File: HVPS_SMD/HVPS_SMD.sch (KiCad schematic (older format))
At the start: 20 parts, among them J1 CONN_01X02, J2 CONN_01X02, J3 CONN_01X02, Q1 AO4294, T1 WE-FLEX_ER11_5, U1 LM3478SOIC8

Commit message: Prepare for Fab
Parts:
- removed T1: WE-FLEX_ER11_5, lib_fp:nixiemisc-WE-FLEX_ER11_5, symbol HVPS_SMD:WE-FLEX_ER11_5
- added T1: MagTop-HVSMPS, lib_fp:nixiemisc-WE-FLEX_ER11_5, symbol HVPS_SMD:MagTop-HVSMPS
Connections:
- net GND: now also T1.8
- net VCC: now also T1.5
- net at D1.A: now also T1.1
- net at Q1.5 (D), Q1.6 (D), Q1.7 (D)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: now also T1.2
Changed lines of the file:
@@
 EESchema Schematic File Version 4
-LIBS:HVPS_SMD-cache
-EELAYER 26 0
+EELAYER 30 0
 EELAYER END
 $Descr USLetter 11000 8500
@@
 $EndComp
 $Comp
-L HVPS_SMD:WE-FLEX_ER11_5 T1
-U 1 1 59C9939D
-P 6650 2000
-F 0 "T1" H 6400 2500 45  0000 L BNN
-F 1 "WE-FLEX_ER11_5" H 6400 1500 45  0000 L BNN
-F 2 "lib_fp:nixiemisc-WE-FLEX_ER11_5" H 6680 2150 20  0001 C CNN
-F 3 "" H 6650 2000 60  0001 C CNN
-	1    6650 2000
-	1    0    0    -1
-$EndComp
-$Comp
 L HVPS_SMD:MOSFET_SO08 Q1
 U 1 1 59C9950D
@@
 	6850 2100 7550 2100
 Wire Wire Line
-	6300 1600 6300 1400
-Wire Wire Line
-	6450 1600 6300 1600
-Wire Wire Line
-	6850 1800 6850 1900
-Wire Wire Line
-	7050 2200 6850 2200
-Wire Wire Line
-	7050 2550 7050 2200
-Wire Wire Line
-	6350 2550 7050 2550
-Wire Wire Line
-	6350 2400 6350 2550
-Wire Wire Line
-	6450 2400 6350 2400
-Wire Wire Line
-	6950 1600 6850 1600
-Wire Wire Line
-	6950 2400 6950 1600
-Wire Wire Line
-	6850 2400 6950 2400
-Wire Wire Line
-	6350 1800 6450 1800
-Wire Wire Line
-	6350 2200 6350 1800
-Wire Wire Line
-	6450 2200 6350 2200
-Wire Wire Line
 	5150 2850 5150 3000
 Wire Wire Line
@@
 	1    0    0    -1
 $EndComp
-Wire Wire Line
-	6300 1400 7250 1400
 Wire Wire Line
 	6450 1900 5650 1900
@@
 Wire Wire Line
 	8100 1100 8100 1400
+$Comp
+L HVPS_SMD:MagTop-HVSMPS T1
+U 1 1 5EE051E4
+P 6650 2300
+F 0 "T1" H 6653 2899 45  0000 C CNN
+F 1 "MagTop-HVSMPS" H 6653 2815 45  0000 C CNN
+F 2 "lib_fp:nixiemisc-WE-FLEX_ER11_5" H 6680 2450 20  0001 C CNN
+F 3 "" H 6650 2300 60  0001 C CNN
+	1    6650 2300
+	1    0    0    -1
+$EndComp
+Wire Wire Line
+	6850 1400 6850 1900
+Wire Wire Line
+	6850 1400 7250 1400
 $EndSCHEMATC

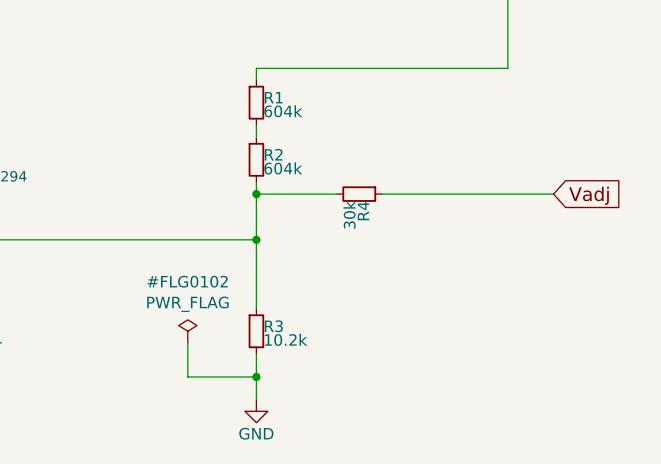
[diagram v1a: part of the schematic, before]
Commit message: Add footprint for Vfix resistor R5
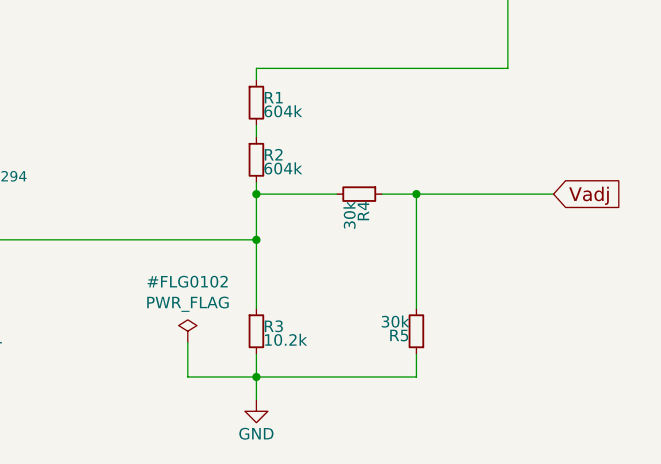
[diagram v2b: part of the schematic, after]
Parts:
- added R5: 30k, lib_fp:R_0603, symbol HVPS_SMD:R_Small
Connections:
- net GND: now also R5.1
- net Vadj: now also R5.2
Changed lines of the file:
@@
 	7000 4100 7000 4200
 Wire Wire Line
-	7550 3400 8300 3400
+	7550 3400 7700 3400
 Connection ~ 7000 3600
 Wire Wire Line
@@
 Wire Wire Line
 	6850 1400 7250 1400
+$Comp
+L HVPS_SMD:R_Small R5
+U 1 1 5EE0246C
+P 7700 4000
+F 0 "R5" H 7730 4020 50  0000 L CNN
+F 1 "30k" H 7730 3960 50  0000 L CNN
+F 2 "lib_fp:R_0603" H 7700 4000 50  0001 C CNN
+F 3 "" H 7700 4000 50  0001 C CNN
+	1    7700 4000
+	-1   0    0    1
+$EndComp
+Wire Wire Line
+	7700 3900 7700 3400
+Connection ~ 7700 3400
+Wire Wire Line
+	7700 3400 8300 3400
+Wire Wire Line
+	7700 4100 7700 4200
+Wire Wire Line
+	7700 4200 7000 4200
 $EndSCHEMATC

| Work instruction |
Print the material above once more, exactly, minus the pictures.

| Solution |
File: HVPS_SMD/HVPS_SMD.sch (KiCad schematic (older format))
At the start: 20 parts, among them J1 CONN_01X02, J2 CONN_01X02, J3 CONN_01X02, Q1 AO4294, T1 WE-FLEX_ER11_5, U1 LM3478SOIC8

Commit message: Prepare for Fab
Parts:
- removed T1: WE-FLEX_ER11_5, lib_fp:nixiemisc-WE-FLEX_ER11_5, symbol HVPS_SMD:WE-FLEX_ER11_5
- added T1: MagTop-HVSMPS, lib_fp:nixiemisc-WE-FLEX_ER11_5, symbol HVPS_SMD:MagTop-HVSMPS
Connections:
- net GND: now also T1.8
- net VCC: now also T1.5
- net at D1.A: now also T1.1
- net at Q1.5 (D), Q1.6 (D), Q1.7 (D): now also T1.2
Changed lines of the file:
@@
 EESchema Schematic File Version 4
-LIBS:HVPS_SMD-cache
-EELAYER 26 0
+EELAYER 30 0
 EELAYER END
 $Descr USLetter 11000 8500
@@
 $EndComp
 $Comp
-L HVPS_SMD:WE-FLEX_ER11_5 T1
-U 1 1 59C9939D
-P 6650 2000
-F 0 "T1" H 6400 2500 45  0000 L BNN
-F 1 "WE-FLEX_ER11_5" H 6400 1500 45  0000 L BNN
-F 2 "lib_fp:nixiemisc-WE-FLEX_ER11_5" H 6680 2150 20  0001 C CNN
-F 3 "" H 6650 2000 60  0001 C CNN
-	1    6650 2000
-	1    0    0    -1
-$EndComp
-$Comp
 L HVPS_SMD:MOSFET_SO08 Q1
 U 1 1 59C9950D
@@
 	6850 2100 7550 2100
 Wire Wire Line
-	6300 1600 6300 1400
-Wire Wire Line
-	6450 1600 6300 1600
-Wire Wire Line
-	6850 1800 6850 1900
-Wire Wire Line
-	7050 2200 6850 2200
-Wire Wire Line
-	7050 2550 7050 2200
-Wire Wire Line
-	6350 2550 7050 2550
-Wire Wire Line
-	6350 2400 6350 2550
-Wire Wire Line
-	6450 2400 6350 2400
-Wire Wire Line
-	6950 1600 6850 1600
-Wire Wire Line
-	6950 2400 6950 1600
-Wire Wire Line
-	6850 2400 6950 2400
-Wire Wire Line
-	6350 1800 6450 1800
-Wire Wire Line
-	6350 2200 6350 1800
-Wire Wire Line
-	6450 2200 6350 2200
-Wire Wire Line
 	5150 2850 5150 3000
 Wire Wire Line
@@
 	1    0    0    -1
 $EndComp
-Wire Wire Line
-	6300 1400 7250 1400
 Wire Wire Line
 	6450 1900 5650 1900
@@
 Wire Wire Line
 	8100 1100 8100 1400
+$Comp
+L HVPS_SMD:MagTop-HVSMPS T1
+U 1 1 5EE051E4
+P 6650 2300
+F 0 "T1" H 6653 2899 45  0000 C CNN
+F 1 "MagTop-HVSMPS" H 6653 2815 45  0000 C CNN
+F 2 "lib_fp:nixiemisc-WE-FLEX_ER11_5" H 6680 2450 20  0001 C CNN
+F 3 "" H 6650 2300 60  0001 C CNN
+	1    6650 2300
+	1    0    0    -1
+$EndComp
+Wire Wire Line
+	6850 1400 6850 1900
+Wire Wire Line
+	6850 1400 7250 1400
 $EndSCHEMATC

[diagram v1a: part of the schematic, before]
Commit message: Add footprint for Vfix resistor R5
[diagram v2b: part of the schematic, after]
Parts:
- added R5: 30k, lib_fp:R_0603, symbol HVPS_SMD:R_Small
Connections:
- net GND: now also R5.1
- net Vadj: now also R5.2
Changed lines of the file:
@@
 	7000 4100 7000 4200
 Wire Wire Line
-	7550 3400 8300 3400
+	7550 3400 7700 3400
 Connection ~ 7000 3600
 Wire Wire Line
@@
 Wire Wire Line
 	6850 1400 7250 1400
+$Comp
+L HVPS_SMD:R_Small R5
+U 1 1 5EE0246C
+P 7700 4000
+F 0 "R5" H 7730 4020 50  0000 L CNN
+F 1 "30k" H 7730 3960 50  0000 L CNN
+F 2 "lib_fp:R_0603" H 7700 4000 50  0001 C CNN
+F 3 "" H 7700 4000 50  0001 C CNN
+	1    7700 4000
+	-1   0    0    1
+$EndComp
+Wire Wire Line
+	7700 3900 7700 3400
+Connection ~ 7700 3400
+Wire Wire Line
+	7700 3400 8300 3400
+Wire Wire Line
+	7700 4100 7700 4200
+Wire Wire Line
+	7700 4200 7000 4200
 $EndSCHEMATC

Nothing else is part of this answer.